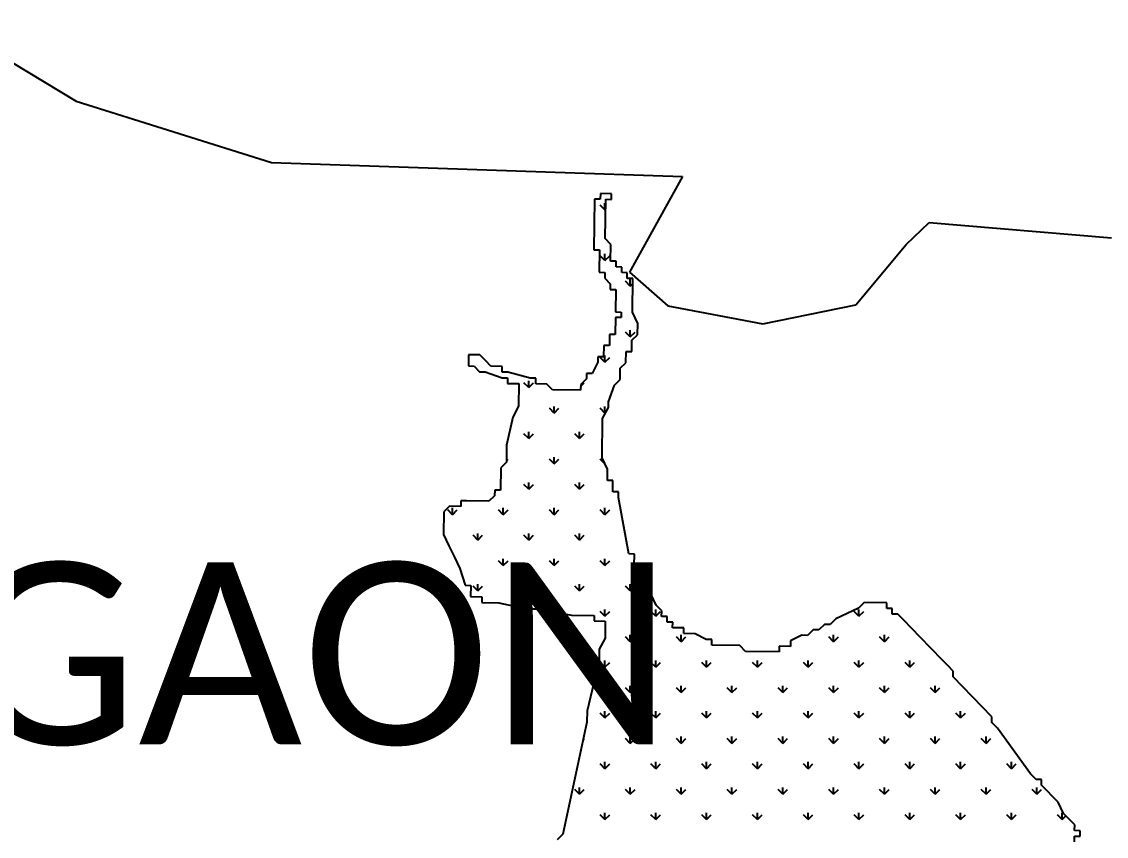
# Model space of a CAD drawing. Header units: metres. Extents: x 264475 to 267538, y 2142866 to 2145519.
# Drawn here: x 265242 to 266008, y 2144491 to 2145067 of the extents above; entities that cross this region are included whole.
import ezdxf

# ---------------------------------------------------------------- set-up
doc = ezdxf.new("R2010")
doc.units = ezdxf.units.M
for name, color, linetype in [('MANGROOVES', 112, 'Continuous'), ('village', 3, 'Continuous'), ('VILLAGE NAME', 250, 'Continuous')]:
    doc.layers.add(name, color=color, linetype=linetype)
doc.styles.add('MtXpl_Calibri', font='calibri.ttf')

msp = doc.modelspace()

# ---------------------------------------------------------------- linework, layer by layer
at = {"layer": 'MANGROOVES'}
for p, q in [((265646.69, 2144941.74), (265646.16, 2144905.96)), ((265650.67, 2144941.68), (265646.69, 2144941.74)), ((265650.73, 2144945.65), (265650.67, 2144941.68)), ((265658.68, 2144945.54), (265650.73, 2144945.65)), ((265654.23, 2144913.79), (265654.64, 2144941.62)), ((265654.64, 2144941.62), (265658.62, 2144941.56)), ((265658.62, 2144941.56), (265658.68, 2144945.54)), ((265658.15, 2144909.76), (265654.23, 2144913.79)), ((265657.97, 2144897.83), (265658.15, 2144909.76)), ((265646.16, 2144905.96), (265650.14, 2144905.9)), ((265650.14, 2144905.9), (265649.9, 2144890)), ((265661.94, 2144897.77), (265657.97, 2144897.83)), ((265661.88, 2144893.79), (265661.94, 2144897.77)), ((265665.86, 2144893.74), (265661.88, 2144893.79)), ((265665.8, 2144889.76), (265665.86, 2144893.74)), ((265649.9, 2144890), (265653.88, 2144889.94)), ((265653.88, 2144889.94), (265653.82, 2144885.96)), ((265653.82, 2144885.96), (265657.73, 2144881.93)), ((265669.78, 2144889.7), (265665.8, 2144889.76)), ((265669.72, 2144885.73), (265669.78, 2144889.7)), ((265673.69, 2144885.67), (265669.72, 2144885.73)), ((265673.34, 2144861.81), (265673.69, 2144885.67)), ((265657.73, 2144881.93), (265657.67, 2144877.95)), ((265657.67, 2144877.95), (265661.65, 2144877.89)), ((265661.65, 2144877.89), (265661.41, 2144861.99)), ((265661.41, 2144861.99), (265665.39, 2144861.93)), ((265665.39, 2144861.93), (265665.33, 2144857.96)), ((265677.19, 2144853.8), (265673.34, 2144861.81)), ((265661.35, 2144858.01), (265661.18, 2144846.09)), ((265665.33, 2144857.96), (265661.35, 2144858.01)), ((265677.08, 2144845.85), (265677.19, 2144853.8)), ((265657.2, 2144846.15), (265657.08, 2144838.2)), ((265661.18, 2144846.09), (265657.2, 2144846.15)), ((265672.92, 2144833.98), (265673.04, 2144841.94)), ((265673.04, 2144841.94), (265677.08, 2144845.85)), ((265557.59, 2144831.72), (265557.47, 2144823.77)), ((265565.54, 2144831.6), (265557.59, 2144831.72)), ((265569.46, 2144827.57), (265565.54, 2144831.6)), ((265653.11, 2144838.26), (265652.99, 2144830.3)), ((265657.08, 2144838.2), (265653.11, 2144838.26)), ((265668.83, 2144826.09), (265668.95, 2144834.04)), ((265668.95, 2144834.04), (265672.92, 2144833.98)), ((265557.47, 2144823.77), (265561.45, 2144823.71)), ((265561.45, 2144823.71), (265565.37, 2144819.68)), ((265573.37, 2144823.53), (265569.46, 2144827.57)), ((265581.32, 2144823.41), (265573.37, 2144823.53)), ((265648.96, 2144826.39), (265644.86, 2144818.5)), ((265649.02, 2144830.36), (265648.96, 2144826.39)), ((265652.99, 2144830.3), (265649.02, 2144830.36)), ((265664.8, 2144822.18), (265668.83, 2144826.09)), ((265565.37, 2144819.68), (265569.34, 2144819.62)), ((265569.34, 2144819.62), (265581.21, 2144815.46)), ((265581.27, 2144819.44), (265581.32, 2144823.41)), ((265585.24, 2144819.38), (265581.27, 2144819.44)), ((265601.08, 2144815.17), (265585.24, 2144819.38)), ((265640.89, 2144818.55), (265640.83, 2144814.58)), ((265644.86, 2144818.5), (265640.89, 2144818.55)), ((265664.68, 2144814.23), (265664.8, 2144822.18)), ((265581.21, 2144815.46), (265585.18, 2144815.4)), ((265585.18, 2144815.4), (265585.12, 2144811.43)), ((265585.12, 2144811.43), (265593.07, 2144811.31)), ((265593.07, 2144811.31), (265592.84, 2144795.41)), ((265605.06, 2144815.11), (265601.08, 2144815.17)), ((265605, 2144811.13), (265605.06, 2144815.11)), ((265612.95, 2144811.02), (265605, 2144811.13)), ((265616.86, 2144806.98), (265612.95, 2144811.02)), ((265636.8, 2144810.66), (265636.74, 2144806.69)), ((265640.83, 2144814.58), (265636.8, 2144810.66)), ((265656.49, 2144798.44), (265660.65, 2144810.31)), ((265660.65, 2144810.31), (265664.68, 2144814.23)), ((265636.74, 2144806.69), (265616.86, 2144806.98)), ((265592.84, 2144795.41), (265588.74, 2144787.52)), ((265652.34, 2144786.57), (265656.43, 2144794.47)), ((265656.43, 2144794.47), (265656.49, 2144798.44)), ((265588.74, 2144787.52), (265584.47, 2144767.7)), ((265651.93, 2144758.74), (265652.34, 2144786.57)), ((265584.47, 2144767.7), (265584.3, 2144755.77)), ((265584.3, 2144755.77), (265580.26, 2144751.86)), ((265655.79, 2144750.73), (265651.93, 2144758.74)), ((265580.26, 2144751.86), (265580.03, 2144735.95)), ((265655.67, 2144742.78), (265655.79, 2144750.73)), ((265659.64, 2144742.72), (265655.67, 2144742.78)), ((265659.52, 2144734.77), (265659.64, 2144742.72)), ((265575.99, 2144732.04), (265571.96, 2144728.12)), ((265576.05, 2144736.01), (265575.99, 2144732.04)), ((265580.03, 2144735.95), (265576.05, 2144736.01)), ((265663.5, 2144734.71), (265659.52, 2144734.77)), ((265663.44, 2144730.74), (265663.5, 2144734.71)), ((265544.08, 2144724.56), (265540.04, 2144720.64)), ((265552.03, 2144724.44), (265544.08, 2144724.56)), ((265552.08, 2144728.41), (265552.03, 2144724.44)), ((265556.06, 2144728.36), (265552.08, 2144728.41)), ((265571.96, 2144728.12), (265556.06, 2144728.36)), ((265670.8, 2144690.87), (265663.44, 2144730.74)), ((265540.04, 2144720.64), (265539.81, 2144704.74)), ((265539.81, 2144704.74), (265543.66, 2144696.73)), ((265543.66, 2144696.73), (265547.52, 2144688.72)), ((265547.52, 2144688.72), (265551.38, 2144680.71)), ((265674.78, 2144690.81), (265670.8, 2144690.87)), ((265674.66, 2144682.86), (265674.78, 2144690.81)), ((265551.38, 2144680.71), (265555.17, 2144668.72)), ((265682.49, 2144674.79), (265674.66, 2144682.86)), ((265682.37, 2144666.84), (265682.49, 2144674.79)), ((265555.17, 2144668.72), (265559.15, 2144668.66)), ((265559.15, 2144668.66), (265559.03, 2144660.71)), ((265686.35, 2144666.78), (265682.37, 2144666.84)), ((265686.29, 2144662.8), (265686.35, 2144666.78)), ((265690.14, 2144654.79), (265686.29, 2144662.8)), ((265559.03, 2144660.71), (265566.98, 2144660.59)), ((265566.98, 2144660.59), (265566.92, 2144656.62)), ((265566.92, 2144656.62), (265578.85, 2144656.44)), ((265578.85, 2144656.44), (265598.66, 2144652.17)), ((265694.06, 2144650.76), (265690.14, 2144654.79)), ((265837.27, 2144656.58), (265833.24, 2144652.67)), ((265853.17, 2144656.35), (265837.27, 2144656.58)), ((265853.12, 2144652.37), (265853.17, 2144656.35)), ((265598.66, 2144652.17), (265606.61, 2144652.05)), ((265606.61, 2144652.05), (265630.4, 2144647.72)), ((265630.4, 2144647.72), (265646.3, 2144647.49)), ((265646.3, 2144647.49), (265646.24, 2144643.51)), ((265694, 2144646.78), (265694.06, 2144650.76)), ((265833.24, 2144652.67), (265817.22, 2144644.95)), ((265857.09, 2144652.31), (265853.12, 2144652.37)), ((265857.03, 2144648.34), (265857.09, 2144652.31)), ((265861.01, 2144648.28), (265857.03, 2144648.34)), ((265864.92, 2144644.24), (265861.01, 2144648.28)), ((265646.24, 2144643.51), (265654.19, 2144643.39)), ((265654.19, 2144643.39), (265654.02, 2144631.47)), ((265697.98, 2144646.72), (265694, 2144646.78)), ((265697.92, 2144642.75), (265697.98, 2144646.72)), ((265701.89, 2144642.69), (265697.92, 2144642.75)), ((265701.83, 2144638.71), (265701.89, 2144642.69)), ((265809.21, 2144641.09), (265805.18, 2144637.18)), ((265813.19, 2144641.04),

### What the task requires
Each line from the start of the listing above through the line with "import ezdxf" is what to output, exactly as written and without pictures.

### Reply to the task
# Model space of a CAD drawing. Header units: metres. Extents: x 264475 to 267538, y 2142866 to 2145519.
# Drawn here: x 265242 to 266008, y 2144491 to 2145067 of the extents above; entities that cross this region are included whole.
import ezdxf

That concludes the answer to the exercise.